You are free to use, modify, and distribute this software under the terms of the GPLv3 license. Any derivative work must also be distributed under the same license.

For full details, see the [LICENSE](https://choosealicense.com/licenses/gpl-3.0/).

## Contributing & Credits
This project is created and maintained by the BBSR - IDA (Tobias Heimig-Elschner).
Feel free to open issues or submit pull requests if you encounter bugs, have ideas, or want to improve the package.

### 📚 Citation
The project is published on Zenodo and can be cited as:
Heimig, T. (2025). Weaviate ORM - (0.1.0). Bundesinstitut für Bau-, Stadt- und Raumforschung (BBSR). https://doi.org/10.58007/x1wa-rt92

## Roadmap & Open Development Topics
- **Batch Operations**<br>Add support for batched inserts and updates for high-throughput use cases.

- **Generalized Query Interface**<br>Unify near-vector, near-text, and filter queries into a common, fluent interface.

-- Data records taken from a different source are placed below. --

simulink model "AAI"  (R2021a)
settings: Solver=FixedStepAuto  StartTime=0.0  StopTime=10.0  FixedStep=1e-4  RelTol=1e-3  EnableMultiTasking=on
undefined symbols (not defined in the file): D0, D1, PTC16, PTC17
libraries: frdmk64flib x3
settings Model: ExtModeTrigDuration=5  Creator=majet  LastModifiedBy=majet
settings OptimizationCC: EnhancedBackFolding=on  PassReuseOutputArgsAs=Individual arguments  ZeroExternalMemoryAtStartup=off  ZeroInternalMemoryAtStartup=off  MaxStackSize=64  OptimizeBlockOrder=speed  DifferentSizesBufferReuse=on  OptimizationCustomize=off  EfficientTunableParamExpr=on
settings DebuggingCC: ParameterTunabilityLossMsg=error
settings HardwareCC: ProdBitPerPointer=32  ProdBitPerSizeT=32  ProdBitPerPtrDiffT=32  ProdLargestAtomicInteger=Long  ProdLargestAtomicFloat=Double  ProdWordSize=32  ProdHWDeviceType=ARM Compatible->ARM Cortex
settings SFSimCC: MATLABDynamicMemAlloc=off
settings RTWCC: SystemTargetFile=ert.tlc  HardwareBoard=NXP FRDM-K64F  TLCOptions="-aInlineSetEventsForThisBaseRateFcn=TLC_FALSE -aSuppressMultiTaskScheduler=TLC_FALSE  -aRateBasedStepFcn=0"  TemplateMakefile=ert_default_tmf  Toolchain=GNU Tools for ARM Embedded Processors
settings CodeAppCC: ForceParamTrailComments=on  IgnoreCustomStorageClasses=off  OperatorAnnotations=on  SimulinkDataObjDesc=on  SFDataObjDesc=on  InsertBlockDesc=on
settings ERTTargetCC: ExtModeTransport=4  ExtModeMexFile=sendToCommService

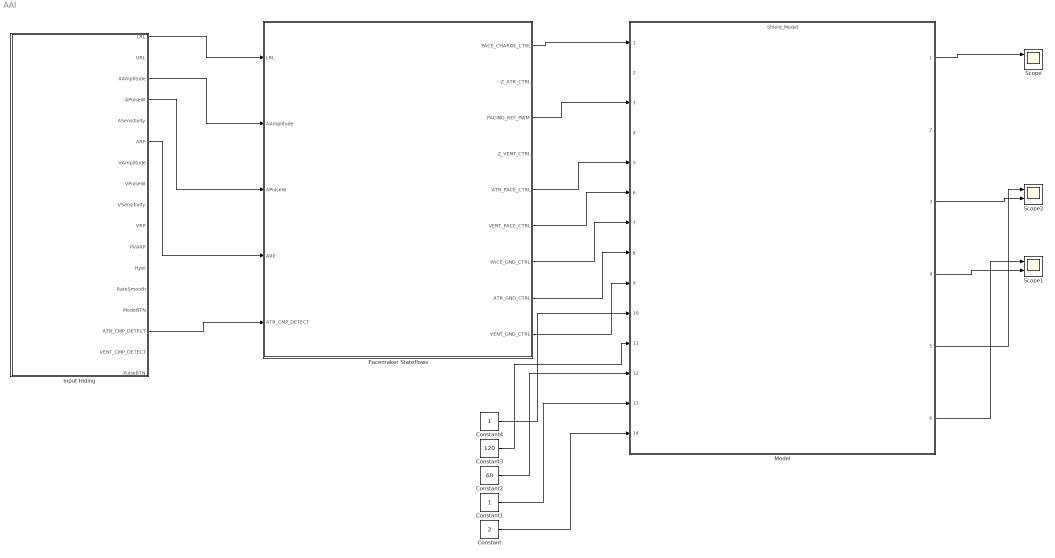
== system AAI ==
  Constant : Constant  Value=2
  Constant1 : Constant
  Constant2 : Constant  Value=60
  Constant3 : Constant  Value=120
  Constant4 : Constant  OutDataTypeStr=boolean
  Input Hiding : Subsystem
  Model : ModelReference  ModelNameDialog=Shield_Model.slxp  ModelReferenceVersion=1.25  CopyOfModelProtected=on
  Pacemaker Stateflows : Stateflow chart  TreatAsAtomicUnit=on
  Scope : Scope  NumInputPorts=2
  Scope1 : Scope  NumInputPorts=2
  Scope2 : Scope  NumInputPorts=2
  wires:
  Input Hiding/4(APulseW) -> Pacemaker Stateflows/3(APulseW)
  Input Hiding/15(ATR_CMP_DETECT) -> Pacemaker Stateflows/5(ATR_CMP_DETECT)
  Input Hiding/3(AAmplitude) -> Pacemaker Stateflows/2(AAmplitude)
  Input Hiding/1(LRL) -> Pacemaker Stateflows/1(LRL)
  Input Hiding/6(ARP) -> Pacemaker Stateflows/4(ARP)
  Model/3 -> Scope2/2
  Model/6 -> Scope1/1
  Model/1 -> Scope/1
  Model/4 -> Scope1/2
  Model/5 -> Scope2/1
  Pacemaker Stateflows/1(PACE_CHARGE_CTRL) -> Model/1
  Pacemaker Stateflows/9(VENT_GND_CTRL) -> Model/9
  Pacemaker Stateflows/8(ATR_GND_CTRL) -> Model/8
  Pacemaker Stateflows/7(PACE_GND_CTRL) -> Model/7
  Pacemaker Stateflows/6(VENT_PACE_CTRL) -> Model/6
  Pacemaker Stateflows/5(ATR_PACE_CTRL) -> Model/5
  Pacemaker Stateflows/3(PACING_REF_PWM) -> Model/3
  Constant4/1 -> Model/10
  Constant3/1 -> Model/11
  Constant2/1 -> Model/12
  Constant1/1 -> Model/13
  Constant/1 -> Model/14

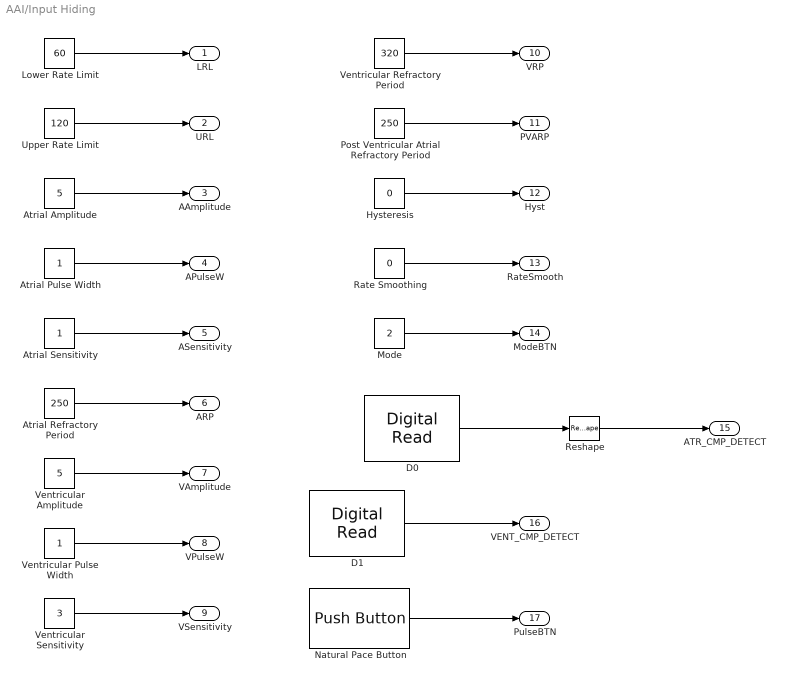
== system AAI/Input Hiding ==
  Atrial Amplitude : Constant  Value=5  OutDataTypeStr=double
  Atrial Pulse Width : Constant  OutDataTypeStr=double
  Atrial Refractory Period : Constant  Value=250  OutDataTypeStr=double
  Atrial Sensitivity : Constant  OutDataTypeStr=double
  D0 : frdmk64flib/Digital Read  Whichpin=PTC16 (D0)  SampleTime=-1
  D1 : frdmk64flib/Digital Read  Whichpin=PTC17 (D1)  SampleTime=-1
  Hysteresis : Constant  Value=0  OutDataTypeStr=double
  Lower Rate Limit : Constant  Value=60  OutDataTypeStr=double
  Mode : Constant  Value=2  OutDataTypeStr=double
  Natural Pace Button : frdmk64flib/Push Button  Whichswitch=SW3  SampleTime1=-1
  Post Ventricular Atrial Refractory Period : Constant  Value=250  OutDataTypeStr=double
  Rate Smoothing : Constant  Value=0  OutDataTypeStr=double
  Reshape : Reshape  OutputDimensionality=Customize  OutputDimensions=1
  Upper Rate Limit : Constant  Value=120  OutDataTypeStr=double
  Ventricular Amplitude : Constant  Value=5  OutDataTypeStr=double
  Ventricular Pulse Width : Constant  OutDataTypeStr=double
  Ventricular Refractory Period : Constant  Value=320  OutDataTypeStr=double
  Ventricular Sensitivity : Constant  Value=3  OutDataTypeStr=double
  LRL : Outport  OutDataTypeStr=double
  URL : Outport  Port=2  OutDataTypeStr=double
  AAmplitude : Outport  Port=3  OutDataTypeStr=double
  APulseW : Outport  Port=4  OutDataTypeStr=double
  ASensitivity : Outport  Port=5  OutDataTypeStr=double
  ARP : Outport  Port=6  OutDataTypeStr=double
  VAmplitude : Outport  Port=7  OutDataTypeStr=double
  VPulseW : Outport  Port=8  OutDataTypeStr=double
  VSensitivity : Outport  Port=9  OutDataTypeStr=double
  VRP : Outport  Port=10  OutDataTypeStr=double
  PVARP : Outport  Port=11  OutDataTypeStr=double
  Hyst : Outport  Port=12  OutDataTypeStr=double
  RateSmooth : Outport  Port=13  OutDataTypeStr=double
  ModeBTN : Outport  Port=14  OutDataTypeStr=double
  ATR_CMP_DETECT : Outport  Port=15  OutDataTypeStr=boolean
  VENT_CMP_DETECT : Outport  Port=16  OutDataTypeStr=boolean
  PulseBTN : Outport  Port=17  OutDataTypeStr=boolean
  wires:
  Lower Rate Limit/1 -> LRL/1
  Upper Rate Limit/1 -> URL/1
  Atrial Amplitude/1 -> AAmplitude/1
  Ventricular Amplitude/1 -> VAmplitude/1
  Atrial Pulse Width/1 -> APulseW/1
  Ventricular Pulse Width/1 -> VPulseW/1
  Atrial Sensitivity/1 -> ASensitivity/1
  Ventricular Sensitivity/1 -> VSensitivity/1
  Ventricular Refractory Period/1 -> VRP/1
  Atrial Refractory Period/1 -> ARP/1
  D1/1 -> VENT_CMP_DETECT/1
  Post Ventricular Atrial Refractory Period/1 -> PVARP/1
  Hysteresis/1 -> Hyst/1
  Rate Smoothing/1 -> RateSmooth/1
  Natural Pace Button/1 -> PulseBTN/1
  Mode/1 -> ModeBTN/1
  D0/1 -> Reshape/1
  Reshape/1 -> ATR_CMP_DETECT/1

== stateflow chart AAI/Pacemaker Stateflows ==
  state ENTRY
    entry:
    VENT_PACE_CTRL = 0; VENT_GND_CTRL = 0; PACE_GND_CTRL = 1;
    Z_VENT_CTRL = 0; Z_ATR_CTRL = 0; PACING_REF_PWM = AAmplitude*20;
  state PACE_ATR
    %Discharge
    entry:
    PACE_CHARGE_CTRL = 0;
    ATR_GND_CTRL = 0;
    ATR_PACE_CTRL = 1;
  state C22_CHARGE
    entry:
    ATR_PACE_CTRL = 0;
    ATR_GND_CTRL = 1;
    PACE_CHARGE_CTRL = 1;
  state INTERMEDIATE
    %In between state
    entry:
    PACE_CHARGE_CTRL = 1;
    ATR_GND_CTRL = 1;
    ATR_PACE_CTRL = 0;
  (default) -> ENTRY
  ENTRY -> C22_CHARGE
  C22_CHARGE -> PACE_ATR [order 1] : after((60000/LRL)-APulseW-ARP,msec)
  C22_CHARGE -> INTERMEDIATE [order 2] : [ATR_CMP_DETECT == high]{after(LRL,msec)}
  INTERMEDIATE -> C22_CHARGE : after(ARP,msec)
  PACE_ATR -> INTERMEDIATE : after(APulseW,msec)
  data: LRL input double; AAmplitude input double; APulseW input double; PACE_CHARGE_CTRL output double; Z_ATR_CTRL output double; PACING_REF_PWM output double; Z_VENT_CTRL output double; ATR_PACE_CTRL output double; VENT_PACE_CTRL output double; PACE_GND_CTRL output double; ATR_GND_CTRL output double; VENT_GND_CTRL output double; ARP input double; ATR_CMP_DETECT input boolean; high local boolean =true

- **Nested Reference Updates**<br>Extend update logic to fully support reference deletions and new nested reference creation during .update() calls.

---

## Testing

### Unit tests

Run the unit test suite:

```bash
pytest tests/unit -q
```

### Integration tests

Integration tests require a running Weaviate (>= 1.27.0) and, for Ollama-based examples, a reachable LLM service. Using the included docker-compose setup:

```bash
# From repository root
docker-compose build vdatabase llm
docker-compose up -d vdatabase llm

# Run integration tests once services are healthy
pytest tests/integration -q -m integration
```

If you maintain your own Weaviate instance, set these environment variables so the engine can connect:

```bash
export WEAVIATE_HOST=vdatabase
export WEAVIATE_PORT=8080
export WEAVIATE_GRPC_PORT=50051
```

### Migration note

The Weaviate Python client has deprecated `vectorizer_config` in favor of `vector_config`. This project now uses `vector_config` everywhere, including named vectors (e.g., `Configure.Vectors.text2vec_ollama(...)`). Ensure your server and client meet the versions above to avoid startup or schema warnings.